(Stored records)

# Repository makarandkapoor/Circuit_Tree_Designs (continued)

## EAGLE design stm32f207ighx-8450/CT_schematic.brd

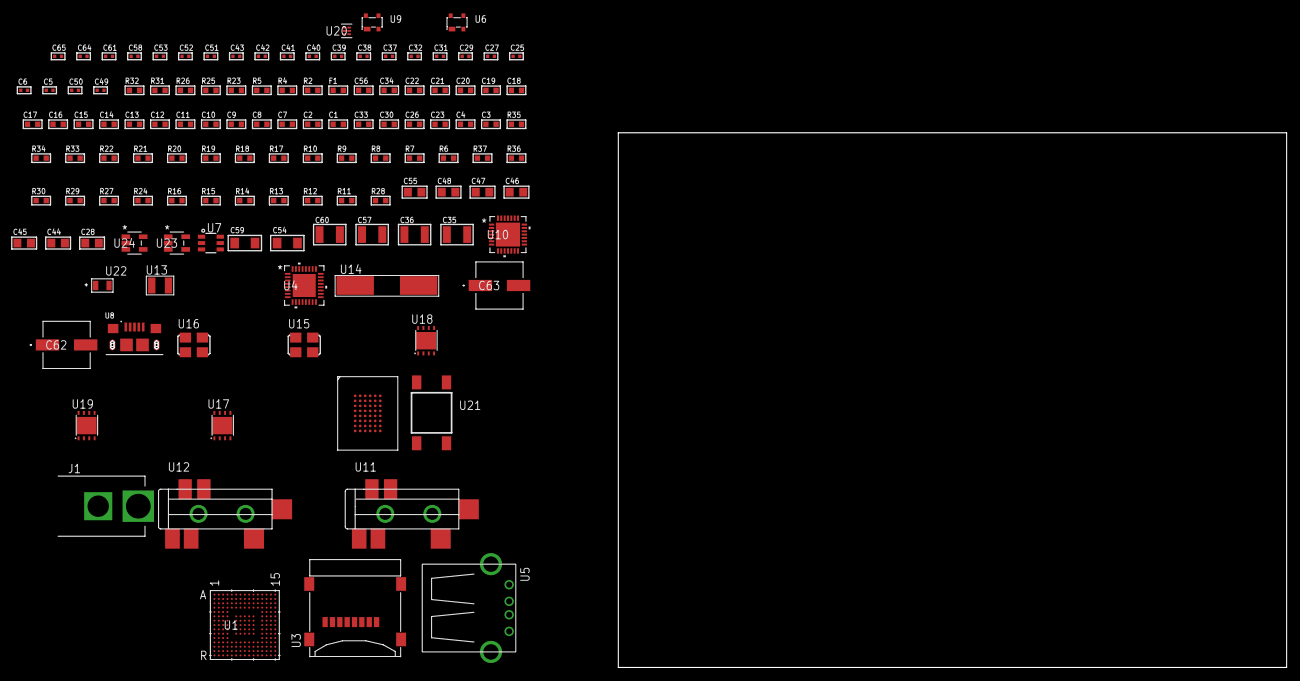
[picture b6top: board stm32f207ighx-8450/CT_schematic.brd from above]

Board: 2 copper layers, 125 parts (0 on the bottom side), 71 nets, no tracks yet.

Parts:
C1: 1e-08; C0603
C2, C7, C56: 1e-06; C0603
C3, C4, C26, C30, C33: 2.2e-06; C0603
C5, C6: 1e-11; C0402
C8, C9, C10, C11, C12, C13, C14, C15, C16, C17, C18, C19, C20, C21, C22: 1e-07; C0603
C23: 4.7e-06; C0603
C25, C27, C29, C31, C32, C39, C40, C41, C42, C43, C61: 1e-07; C0402
C28, C44, C45, C46, C47, C48, C55: 1e-05; C0805
C34: 0.0001; R0603
C35, C36: 2.2e-05; C1210
C37, C38: 1e-09; C0402
C49, C50: 2.2e-11; C0402
C51, C52, C53, C58, C64, C65: 1e-08; C0402
C54, C59: 1e-05; C1206
C57, C60: 1e-05; C1210
C62, C63: 0.0001; EXV-9H
F1: 240.0; L0603
J1: PJ-037B; PJ-037B_PACKAGE
R2, R26, R32: 1000.0; R0603
R4, R5: 4700.0; R0603
R6, R7, R8, R9, R10, R18, R19, R33, R34: 10000.0; R0603
R11, R12, R13, R14, R15, R16, R24, R27, R29, R30: 100000.0; R0603
R17, R20, R21, R22: 47000.0; R0603
R23: 680.0; R0603
R25: 806.0; R0603
R28: 153694.38; R0603
R31: 3900.0; R0603
R35: 82000.0; R0603
R36: 300000.0; R0603
R37: 120000.0; R0603
U1: STM32f207IGH6; UFBGA176_25
U2: IS61WV102416BLL-10MLI
U3: 0472192001; MOLEX_47219-2001
U4: TUSB1210BRHBR; RHB32_3P45X3P45
U5: 61400416021; USB-A-H
U6, U9: prtr5v0u2ax; SOT143B
U7: MAX4995AAUT+T; SOT-23-6
U8: 10118193-0001LF; FCI_10118193-0001LF
U10: WM8731CLSEFL; QFN-28
U11, U12: SJ-43515TS-SMT-TR
U13: ABS07-32.768KHZ-7-T
U14: ABLS-12.288MHZ-B4-T
U15: ASFL1-19.2MHZ-NCS; ASFL1
U16: ASFL1-25MHZ-NCS; ASFL1
U17, U19: LP3878SDX-ADJ/NOPB; WSON-8
U18: LP2951ACSDX/NOPB; WSON-8
U20: TPS3895ADRYR; SON-6
U21: 4-1437565-2; SW_4-1437565-2
U22: Q65110A2395; LGM67K-G1J2-24-Z
U23, U24: nc7sz125m5x; NC7SZ125M5X

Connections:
CLK_CRYSTAL_U1_E1: C5.1, U1.E1, U13.1
CLK_CRYSTAL_U1_F1: C6.1, U1.F1, U13.2
CLK_CRYSTAL_U10_1: C49.1, U10.1, U14.1
CLK_CRYSTAL_U10_2: C50.1, U10.2, U14.2
CLK_U1_G1: U1.G1, U16.3
CLK_U4_1: U4.1, U15.3
GND: C1.2, C2.2, C3.2, C4.2, C5.2, C6.2, C7.2, C8.2, C9.2, C10.2, C11.2, C12.2, C13.2, C14.2, C15.2, C16.2, C17.2, C18.2, C19.2, C20.2, C21.2, C22.2, C23.2, C25.2, C26.2, C27.2, C28.2, C29.2, C30.2, C31.2, C32.2, C33.2, C34.2, C38.2, C39.2, C40.2, C41.2, C42.2, C43.2, C44.2, C45.2, C46.2, C47.2, C48.2, C49.2, C50.2, C51.2, C52.2, C53.2, C54.2, C55.2, C56.2, C57.2, C58.2, C59.2, C60.2, C61.2, C62.2, C63.2, C64.2, C65.2, J1.2, R2.2, R6.2, R7.2, R17.2, R19.2, R20.2, R21.2, R22.2, R26.2, R29.2, R32.2, R35.2, R37.2, U1.D5, U1.D7, U1.D8, U1.D9, U1.F2, U1.F6, U1.F7, U1.F8, U1.F9, U1.F10, U1.F12, U1.G2, U1.G6, U1.G7, U1.G8, U1.G9, U1.G10, U1.G12, U1.H6, U1.H7, U1.H8, U1.H9, U1.H10, U1.H12, U1.J6, U1.J7, U1.J8, U1.J9, U1.J10, U1.K6, U1.K7, U1.K8, U1.K9, U1.K10, U1.M1, U1.M8, U1.M9, U1.N1, U2.D1, U2.E6, U3.6, U3.G1, U3.G2, U3.G3, U3.G4, U4.23, U4.33, U5.4, U5.5, U5.6, U6.1, U7.2, U8.5, U8.6, U8.7, U8.8, U8.9, U9.1, U10.4, U10.15, U10.19, U10.25, U10.26, U10.29, U11.1, U12.1, U15.2, U16.2, U17.3, U17.PAD, U18.3, U18.4, U18.PAD, U19.3, U19.PAD, U20.2, U22.C, U23.1, U23.3, U24.1, U24.3
NET_U1_D6: R6.1, U1.D6
NET_U1_F13: C4.1, U1.F13
NET_U1_J1: R4.1, U1.J1, U23.4
NET_U1_L4: R7.1, U1.L4
NET_U1_M10: C3.1, U1.M10
NET_U1_R1: C1.1, C2.1, F1.1, U1.P1, U1.R1
NET_U1_R15: U21.3, U21.4
NET_U2_A2: R9.1, U2.A2
NET_U2_B5: R8.1, U2.B5
NET_U2_G5: R10.1, U2.G5
NET_U4_11: R18.1, U4.11
NET_U4_12: C33.1, U4.12
NET_U4_14: R19.1, U4.14
NET_U4_20: C30.1, U4.20
NET_U4_27: R5.1, U4.27, U24.4
NET_U5_1: C34.1, U4.22, U5.1, U6.4, U7.1
NET_U5_2: U4.19, U5.2, U6.3
NET_U5_3: U4.18, U5.3, U6.2
NET_U7_3: R17.1, U7.3
NET_U7_4: U4.17, U7.4
NET_U10_20: C43.1, C48.1, U10.20
NET_U11_2: C36.1, R21.1, U11.2
NET_U11_5: C35.1, R20.1, U11.5
NET_U12_5: C37.1, C38.1, R22.1, R23.1, U12.5
NET_U17_1: C53.1, U17.1
NET_U17_6: R25.2, R26.1, U17.6
NET_U17_8: R24.1, U17.8
NET_U18_5: R27.1, U18.5
NET_U18_7: R28.2, R29.1, U18.7
NET_U19_1: C58.1, U19.1
NET_U19_6: R31.2, R32.1, U19.6
NET_U19_8: R30.1, U19.8
NET_U20_1: R34.1, R35.1, U20.1
NET_U20_3: R36.2, R37.1, U20.3
NET_U20_4: R33.1, U20.4, U23.2, U24.2
NET_U21_1: R2.1, U21.1, U21.2
PROC_I2S2_SCK: U1.D14, U10.7
PROC_I2S2_SD: U1.C13, U10.8
PROC_I2S2_WS: U1.B4, U10.9, U10.11
PROC_SDIO_CK: R12.1, U1.A12, U3.5
PROC_SDIO_CMD: R11.1, U1.D12, U3.3
PROC_SDIO_D0: R13.1, U1.G14, U3.7
PROC_SDIO_D1: R14.1, U1.F14, U3.8
PROC_SDIO_D2: R15.1, U1.B14, U3.1
PROC_SDIO_D3: R16.1, U1.B13, U3.2
PROC_USB_OTG_FS_DM: U8.2, U9.3
PROC_USB_OTG_FS_DP: U8.3, U9.2
PROC_USB_OTG_FS_VBUS: U8.1, U9.4
PROC_USB_OTG_HS_ULPI_CK: U1.P4, U4.26
PROC_USB_OTG_HS_ULPI_D0: U1.R2, U4.3
PROC_USB_OTG_HS_ULPI_D1: U1.R5, U4.4
PROC_USB_OTG_HS_ULPI_D2: U1.R4, U4.5
PROC_USB_OTG_HS_ULPI_D3: U1.R12, U4.6
PROC_USB_OTG_HS_ULPI_D4: U1.R13, U4.7
PROC_USB_OTG_HS_ULPI_D5: U1.P12, U4.9
PROC_USB_OTG_HS_ULPI_D6: U1.P13, U4.10
PROC_USB_OTG_HS_ULPI_D7: U1.A6, U4.13
PROC_USB_OTG_HS_ULPI_DIR: U1.E4, U4.31
PROC_USB_OTG_HS_ULPI_NXT: U1.H4, U4.2
PROC_USB_OTG_HS_ULPI_STP: U1.M2, U4.29
VCC_S1_8V6: C54.1, C56.1, C59.1, C62.1, C63.1, J1.1, R24.2, R30.2, U17.4, U18.8, U19.4
VCC_TIER1_1V8: C7.1, C8.1, C9.1, C10.1, C11.1, C12.1, C13.1, C14.1, C15.1, C16.1, C17.1, C18.1, C19.1, C20.1, C21.1, C22.1, C23.1, C27.1, C28.1, C31.1, C32.1, C39.1, C40.1, C41.1, C42.1, C44.1, C45.1, C46.1, C47.1, C55.1, C61.1, C64.1, C65.1, F1.2, R4.2, R5.2, R11.2, R12.2, R13.2, R14.2, R15.2, R16.2, R18.2, R25.1, R33.2, R34.2, R36.1, U1.C1, U1.C5, U1.C7, U1.C8, U1.C9, U1.F3, U1.G3, U1.G13, U1.H13, U1.J12, U1.J13, U1.K4, U1.N8, U1.N9, U1.N10, U3.4, U4.28, U4.30, U4.32, U10.3, U10.5, U10.12, U10.18, U17.5, U20.6, U23.5, U24.5
VCC_TIER1_3V3: C25.1, C26.1, C29.1, C51.1, C52.1, C57.1, R8.2, R9.2, R10.2, R27.2, R28.1, U2.D6, U2.E1, U4.21, U15.4, U16.4, U18.1
VCC_TIER1_5V0: C60.1, R31.1, U7.5, U19.5

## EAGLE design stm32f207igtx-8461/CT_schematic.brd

**Work instruction:** As listed above, the lines from the line with "PROC_USB_OTG_HS_ULPI_D7: U1.A6, U4.13" to the line with "U20.6, U23.5, U24.5" are to be echoed exactly, with both ends included and nothing added.

**Response to this exercise:**
PROC_USB_OTG_HS_ULPI_D7: U1.A6, U4.13
PROC_USB_OTG_HS_ULPI_DIR: U1.E4, U4.31
PROC_USB_OTG_HS_ULPI_NXT: U1.H4, U4.2
PROC_USB_OTG_HS_ULPI_STP: U1.M2, U4.29
VCC_S1_8V6: C54.1, C56.1, C59.1, C62.1, C63.1, J1.1, R24.2, R30.2, U17.4, U18.8, U19.4
VCC_TIER1_1V8: C7.1, C8.1, C9.1, C10.1, C11.1, C12.1, C13.1, C14.1, C15.1, C16.1, C17.1, C18.1, C19.1, C20.1, C21.1, C22.1, C23.1, C27.1, C28.1, C31.1, C32.1, C39.1, C40.1, C41.1, C42.1, C44.1, C45.1, C46.1, C47.1, C55.1, C61.1, C64.1, C65.1, F1.2, R4.2, R5.2, R11.2, R12.2, R13.2, R14.2, R15.2, R16.2, R18.2, R25.1, R33.2, R34.2, R36.1, U1.C1, U1.C5, U1.C7, U1.C8, U1.C9, U1.F3, U1.G3, U1.G13, U1.H13, U1.J12, U1.J13, U1.K4, U1.N8, U1.N9, U1.N10, U3.4, U4.28, U4.30, U4.32, U10.3, U10.5, U10.12, U10.18, U17.5, U20.6, U23.5, U24.5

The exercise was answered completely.